**Exercise goal**
Copy out all lines from the entries below in which "range" occurs.

**Provided entries**
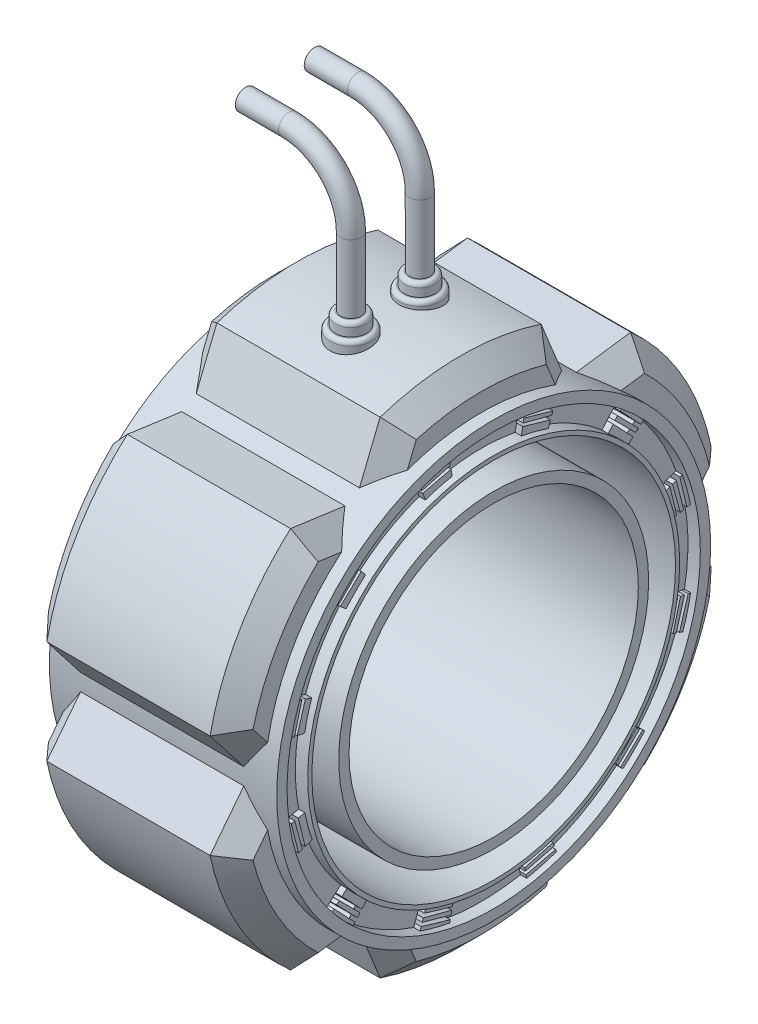
from build123d import *

# Parameters (mm, degrees)
SKETCH6_R                    = 105
SKETCH6_R_2                  = 100
EXTRUDE_THIN1_DEPTH          = 110
SKETCH6_5_R                  = 75
SKETCH6_5_R_2                = 70
EXTRUDE_THIN2_DEPTH          = 110
SKETCH6_6_R                  = 90
SKETCH6_6_R_2                = 88
EXTRUDE_THIN3_DEPTH          = 110
BOSS_EXTRUDE1_START          = -52
BOSS_EXTRUDE1_DEPTH          = 96
CIRPATTERN1_COUNT            = 12
BOSS_EXTRUDE2_START          = -55
BOSS_EXTRUDE2_DEPTH          = 102
CIRPATTERN2_COUNT            = 12
BOSS_EXTRUDE3_START          = -55
BOSS_EXTRUDE3_DEPTH          = 99
CHAMFER1_SIZE                = 10
CIRPATTERN3_COUNT            = 6
CHAMFER1_OF_CIRPATTERN3_SIZE = 10
SWEEP1_PROFILE_R             = 5
BOSS_EXTRUDE4_START          = -1
SKETCH21_R                   = 10
BOSS_EXTRUDE4_DEPTH          = 8
SKETCH21_3_R                 = 7.5
BOSS_EXTRUDE5_DEPTH          = 13
FILLET1_R                    = 2
FILLET1_OF_MIRROR2_R         = 2


with BuildPart() as part:
    # Sketch6 → Extrude-Thin1 (new body)
    with BuildSketch(Plane(origin=(0, 0, 0), x_dir=(0, 0, -1), z_dir=(1, 0, 0))):
        Circle(SKETCH6_R)
        Circle(SKETCH6_R_2, mode=Mode.SUBTRACT)
    extrude(amount=EXTRUDE_THIN1_DEPTH)



with BuildPart() as body_2:
    # Sketch6<5> → Extrude-Thin2 (new body)
    with BuildSketch(Plane(origin=(0, 0, 0), x_dir=(0, 0, -1), z_dir=(1, 0, 0))):
        Circle(SKETCH6_5_R)
        Circle(SKETCH6_5_R_2, mode=Mode.SUBTRACT)
    extrude(amount=EXTRUDE_THIN2_DEPTH)


with BuildPart() as body_3:
    # Sketch6<6> → Extrude-Thin3 (new body)
    with BuildSketch(Plane(origin=(0, 0, 0), x_dir=(0, 0, -1), z_dir=(1, 0, 0))):
        Circle(SKETCH6_6_R)
        Circle(SKETCH6_6_R_2, mode=Mode.SUBTRACT)
    extrude(amount=EXTRUDE_THIN3_DEPTH)


with BuildPart() as part_1:
    add(part.part)

    add(body_3.part)  # Boss-Extrude1 merges body 3
    # Sketch8 → Boss-Extrude1 (add)
    with BuildSketch(Plane(origin=(60, 0, 0), x_dir=(0, 0, -1), z_dir=(1, 0, 0)).offset(BOSS_EXTRUDE1_START)):
        with BuildLine():
            Line((-18.945180891, 98.189002037), (-17.050662802, 88.370101833))
            ThreePointArc((-17.050662802, 88.370101833), (-0.333832157, 89.999380865), (16.394625202, 88.494159494))
            Line((16.394625202, 88.494159494), (18.216250224, 98.326843882))
            ThreePointArc((18.216250224, 98.326843882), (-0.370924619, 99.999312072), (-18.945180891, 98.189002037))
        make_face()
    boss_extrude1 = extrude(amount=BOSS_EXTRUDE1_DEPTH)

    # CirPattern1: Boss-Extrude1 ×12 about axis
    cirpattern1_axis = Axis((0, 0, 0), (1, 0, 0))
    for i in range(1, CIRPATTERN1_COUNT):
        add(boss_extrude1.rotate(cirpattern1_axis, i * 360 / CIRPATTERN1_COUNT))

    # Sketch9 → Boss-Extrude2 (add)
    with BuildSketch(Plane(origin=(60, 0, 0), x_dir=(0, 0, -1), z_dir=(1, 0, 0)).offset(BOSS_EXTRUDE2_START)):
        with BuildLine():
            ThreePointArc((32.687493088, 94.506760582), (25.523440793, 96.687920497), (18.216250224, 98.326843882))
            Line((18.216250224, 98.326843882), (17.988276723, 97.096298926))
            Line((17.988276723, 97.096298926), (32.129794034, 92.894329467))
            Line((32.129794034, 92.894329467), (32.687493088, 94.506760582))
        make_face()
        Polygon((31.6035361, 91.372801571), (17.661727911, 95.333668653), (17.305437713, 93.410501688), (31.053118433, 89.781422553), align=None)
        with BuildLine():
            Line((30.483362327, 88.134131836), (17.061300107, 92.092706865))
            Line((17.061300107, 92.092706865), (16.394625202, 88.494159494))
            ThreePointArc((16.394625202, 88.494159494), (22.971096713, 87.019128448), (29.418743779, 85.056084524))
            Line((29.418743779, 85.056084524), (30.483362327, 88.134131836))
        make_face()
    boss_extrude2 = extrude(amount=BOSS_EXTRUDE2_DEPTH)

    # CirPattern2: Boss-Extrude2 ×12 about axis
    cirpattern2_axis = Axis((110, 0, 0), (1, 0, 0))
    for i in range(1, CIRPATTERN2_COUNT):
        add(boss_extrude2.rotate(cirpattern2_axis, i * 360 / CIRPATTERN2_COUNT))

    # Sketch10 → Boss-Extrude3 (add)
    with BuildSketch(Plane(origin=(60, 0, 0), x_dir=(0, 0, -1), z_dir=(1, 0, 0)).offset(BOSS_EXTRUDE3_START)):
        with BuildLine():
            Line((-38.959771343, 117.519633967), (-48.957315286, 92.888003962))
            ThreePointArc((-48.957315286, 92.888003962), (0, 105), (48.957315286, 92.888003962))
            Line((48.957315286, 92.888003962), (38.959771343, 117.519633967))
            ThreePointArc((38.959771343, 117.519633967), (0, 123.809240975), (-38.959771343, 117.519633967))
        make_face()
    boss_extrude3 = extrude(amount=BOSS_EXTRUDE3_DEPTH)

    # Chamfer1
    chamfer1_edges = [part_1.edges().sort_by_distance(p)[0] for p in [
        (5, 105.203818964, 43.958543314),
        (5, 123.809240975, 0),
        (5, 105.203818964, -43.958543314),
        (104, 105.203818964, -43.958543314),
        (104, 123.809240975, 0),
        (104, 105.203818964, 43.958543314),
    ]]
    chamfer(chamfer1_edges, length=CHAMFER1_SIZE)

    # CirPattern3: Boss-Extrude3 ×6 about axis
    cirpattern3_axis = Axis((110, 0, 0), (1, 0, 0))
    for i in range(1, CIRPATTERN3_COUNT):
        add(boss_extrude3.rotate(cirpattern3_axis, i * 360 / CIRPATTERN3_COUNT))

    # Chamfer1 of CirPattern3
    chamfer1_of_cirpattern3_edges = [part_1.edges().sort_by_distance(p)[0] for p in [
        (5, 14.532694259, 113.088451455),
        (5, 61.904620488, 107.221947908),
        (5, 90.671124706, 69.129908141),
        (104, 90.671124706, 69.129908141),
        (104, 61.904620488, 107.221947908),
        (104, 14.532694259, 113.088451455),
        (5, -90.671124706, 69.129908141),
        (5, -61.904620488, 107.221947908),
        (5, -14.532694259, 113.088451455),
        (104, -14.532694259, 113.088451455),
        (104, -61.904620488, 107.221947908),
        (104, -90.671124706, 69.129908141),
        (5, -105.203818964, -43.958543314),
        (5, -123.809240975, 0),
        (5, -105.203818964, 43.958543314),
        (104, -105.203818964, 43.958543314),
        (104, -123.809240975, 0),
        (104, -105.203818964, -43.958543314),
        (5, -14.532694259, -113.088451455),
        (5, -61.904620488, -107.221947908),
        (5, -90.671124706, -69.129908141),
        (104, -90.671124706, -69.129908141),
        (104, -61.904620488, -107.221947908),
        (104, -14.532694259, -113.088451455),
        (5, 90.671124706, -69.129908141),
        (5, 61.904620488, -107.221947908),
        (5, 14.532694259, -113.088451455),
        (104, 14.532694259, -113.088451455),
        (104, 61.904620488, -107.221947908),
        (104, 90.671124706, -69.129908141),
    ]]
    chamfer(chamfer1_of_cirpattern3_edges, length=CHAMFER1_OF_CIRPATTERN3_SIZE)

    # Sweep1: sweep along a curve in space
    with BuildLine() as sweep1_path:
        Line((57.593552458, 102.017051511, 16.674423595), (57.593552458, 166.003070724, 16.674423595))
        ThreePointArc((27.593552458, 196.003070724, 16.674423595), (48.806755893, 187.21627416, 16.674423595), (57.593552458, 166.003070724, 16.674423595))
        Line((27.593552458, 196.003070724, 16.674423595), (6.638683644, 196.003070724, 16.674423595))
    # Sweep1 profile (on start of the path) → Sweep1 (sweep)
    with BuildSketch(Plane(origin=(57.593552458, 102.017051511, 16.674423595), x_dir=(0, 0, 1), z_dir=(0, 1, 0))):
        Circle(SWEEP1_PROFILE_R)
    sweep1 = sweep(path=sweep1_path.line)

    # Mirror1: Sweep1 across plane
    add(sweep1.mirror(Plane.XY))

    # Sketch21 → Boss-Extrude4 (add)
    with BuildSketch(Plane(origin=(0, 120, 0), x_dir=(1, 0, 0), z_dir=(0, 1, 0)).offset(BOSS_EXTRUDE4_START)):
        with Locations((57.593552458, 16.674423595)):
            Circle(SKETCH21_R)
    boss_extrude4 = extrude(amount=BOSS_EXTRUDE4_DEPTH)

    # Sketch21<3> → Boss-Extrude5 (add)
    with BuildSketch(Plane(origin=(0, 120, 0), x_dir=(1, 0, 0), z_dir=(0, 1, 0))):
        with Locations((57.593552458, 16.674423595)):
            Circle(SKETCH21_3_R)
    boss_extrude5 = extrude(amount=BOSS_EXTRUDE5_DEPTH)

    # Fillet1
    fillet1_edges = [part_1.edges().sort_by_distance(p)[0] for p in [
        (47.593552458, 127, -16.674423595),
        (50.093552458, 133, -16.674423595),
    ]]
    fillet(fillet1_edges, radius=FILLET1_R)

    # Mirror2: Boss-Extrude4, Boss-Extrude5 across plane
    add(boss_extrude4.mirror(Plane.XY))
    add(boss_extrude5.mirror(Plane.XY))

    # Fillet1 of Mirror2
    fillet1_of_mirror2_edges = [part_1.edges().sort_by_distance(p)[0] for p in [
        (47.593552458, 127, 16.674423595),
        (50.093552458, 133, 16.674423595),
    ]]
    fillet(fillet1_of_mirror2_edges, radius=FILLET1_OF_MIRROR2_R)


solid = Compound([body_2.part, part_1.part])
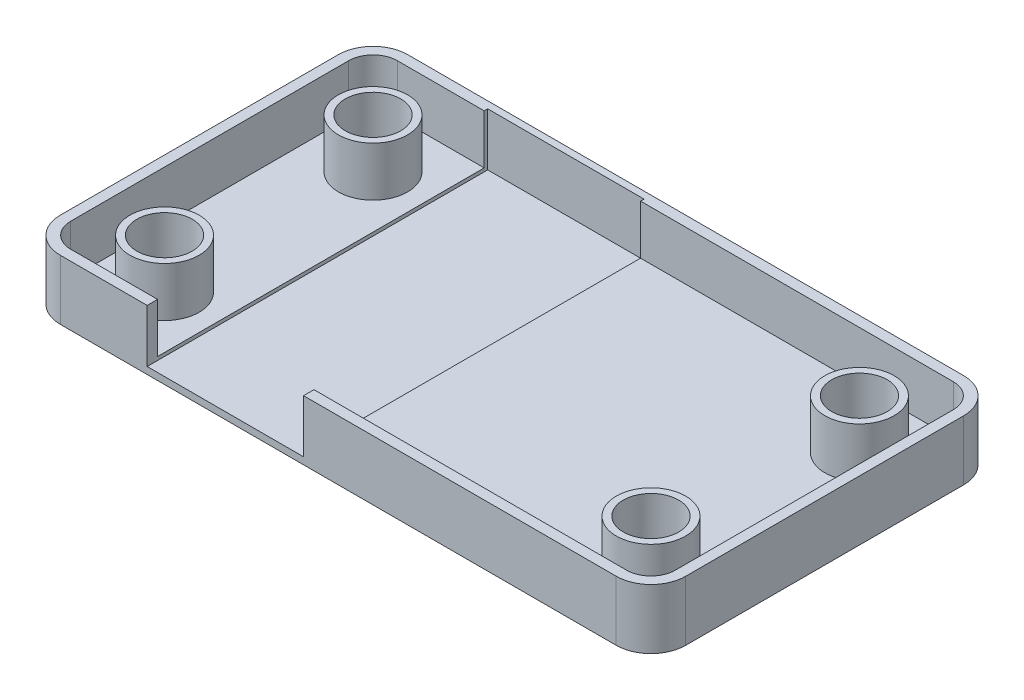
from build123d import *

# Parameters (mm, degrees)
BOSS_EXTRUDE1_DEPTH = 20
SHELL1_T            = -3
SKETCH3_R           = 9.972851257
SKETCH3_R_2         = 7.972851257
BOSS_EXTRUDE2_DEPTH = 18
SKETCH4_W           = 45
SKETCH4_H           = 16
CUT_EXTRUDE2_DEPTH  = 98
SKETCH5_W           = 196.734925073
SKETCH5_H           = 9.584521991
CUT_EXTRUDE3_DEPTH  = 116


with BuildPart() as part:
    # Sketch1 → Boss-Extrude1 (new body)
    with BuildSketch(Plane(origin=(0, 0, 0), x_dir=(1, 0, 0), z_dir=(0, 1, 0))):
        with BuildLine():
            Line((-80, -50), (80, -50))
            ThreePointArc((80, -50), (87.071067812, -47.071067812), (90, -40))
            Line((90, -40), (90, 40))
            ThreePointArc((90, 40), (87.071067812, 47.071067812), (80, 50))
            Line((80, 50), (-80, 50))
            ThreePointArc((-80, 50), (-87.071067812, 47.071067812), (-90, 40))
            Line((-90, 40), (-90, -40))
            ThreePointArc((-90, -40), (-87.071067812, -47.071067812), (-80, -50))
        make_face()
    extrude(amount=BOSS_EXTRUDE1_DEPTH)

    # Shell1
    shell1_openings = [part.faces().sort_by_distance(p)[0] for p in [
        (0, 20, 0),
    ]]
    offset(amount=SHELL1_T, openings=shell1_openings, kind=Kind.INTERSECTION)

    # Sketch3 → Boss-Extrude2 (add)
    # profile 1 of 4: a face of its own
    with BuildSketch(Plane(origin=(0, 3, 0), x_dir=(1, 0, 0), z_dir=(0, 1, 0))):
        with Locations((-70, 30)):
            Circle(SKETCH3_R)
        with Locations((-70, 30)):
            Circle(SKETCH3_R_2, mode=Mode.SUBTRACT)
    # profile 2 of 4: a face of its own
    with BuildSketch(Plane(origin=(0, 3, 0), x_dir=(1, 0, 0), z_dir=(0, 1, 0))):
        with Locations((70, 30)):
            Circle(SKETCH3_R)
        with Locations((70, 30)):
            Circle(SKETCH3_R_2, mode=Mode.SUBTRACT)
    # profile 3 of 4: a face of its own
    with BuildSketch(Plane(origin=(0, 3, 0), x_dir=(1, 0, 0), z_dir=(0, 1, 0))):
        with Locations((70, -30)):
            Circle(SKETCH3_R)
        with Locations((70, -30)):
            Circle(SKETCH3_R_2, mode=Mode.SUBTRACT)
    # profile 4 of 4: a face of its own
    with BuildSketch(Plane(origin=(0, 3, 0), x_dir=(1, 0, 0), z_dir=(0, 1, 0))):
        with Locations((-70, -30)):
            Circle(SKETCH3_R)
        with Locations((-70, -30)):
            Circle(SKETCH3_R_2, mode=Mode.SUBTRACT)
    extrude(amount=BOSS_EXTRUDE2_DEPTH)

    # Sketch4 → Cut-Extrude2 (cut)
    with BuildSketch(Plane.XY.offset(50)):
        with Locations((-32.5, 10)):
            Rectangle(SKETCH4_W, SKETCH4_H)
    extrude(amount=-CUT_EXTRUDE2_DEPTH, mode=Mode.SUBTRACT)

    # Sketch5 → Cut-Extrude3 (cut)
    with BuildSketch(Plane.XY.offset(50)):
        with Locations((5.497562081, 22.020144216)):
            Rectangle(SKETCH5_W, SKETCH5_H)
    extrude(amount=-CUT_EXTRUDE3_DEPTH, mode=Mode.SUBTRACT)


solid = part.part

**Solution to this exercise**
    for i in range(1, CIRPATTERN1_COUNT):
    for i in range(1, CIRPATTERN2_COUNT):
    for i in range(1, CIRPATTERN3_COUNT):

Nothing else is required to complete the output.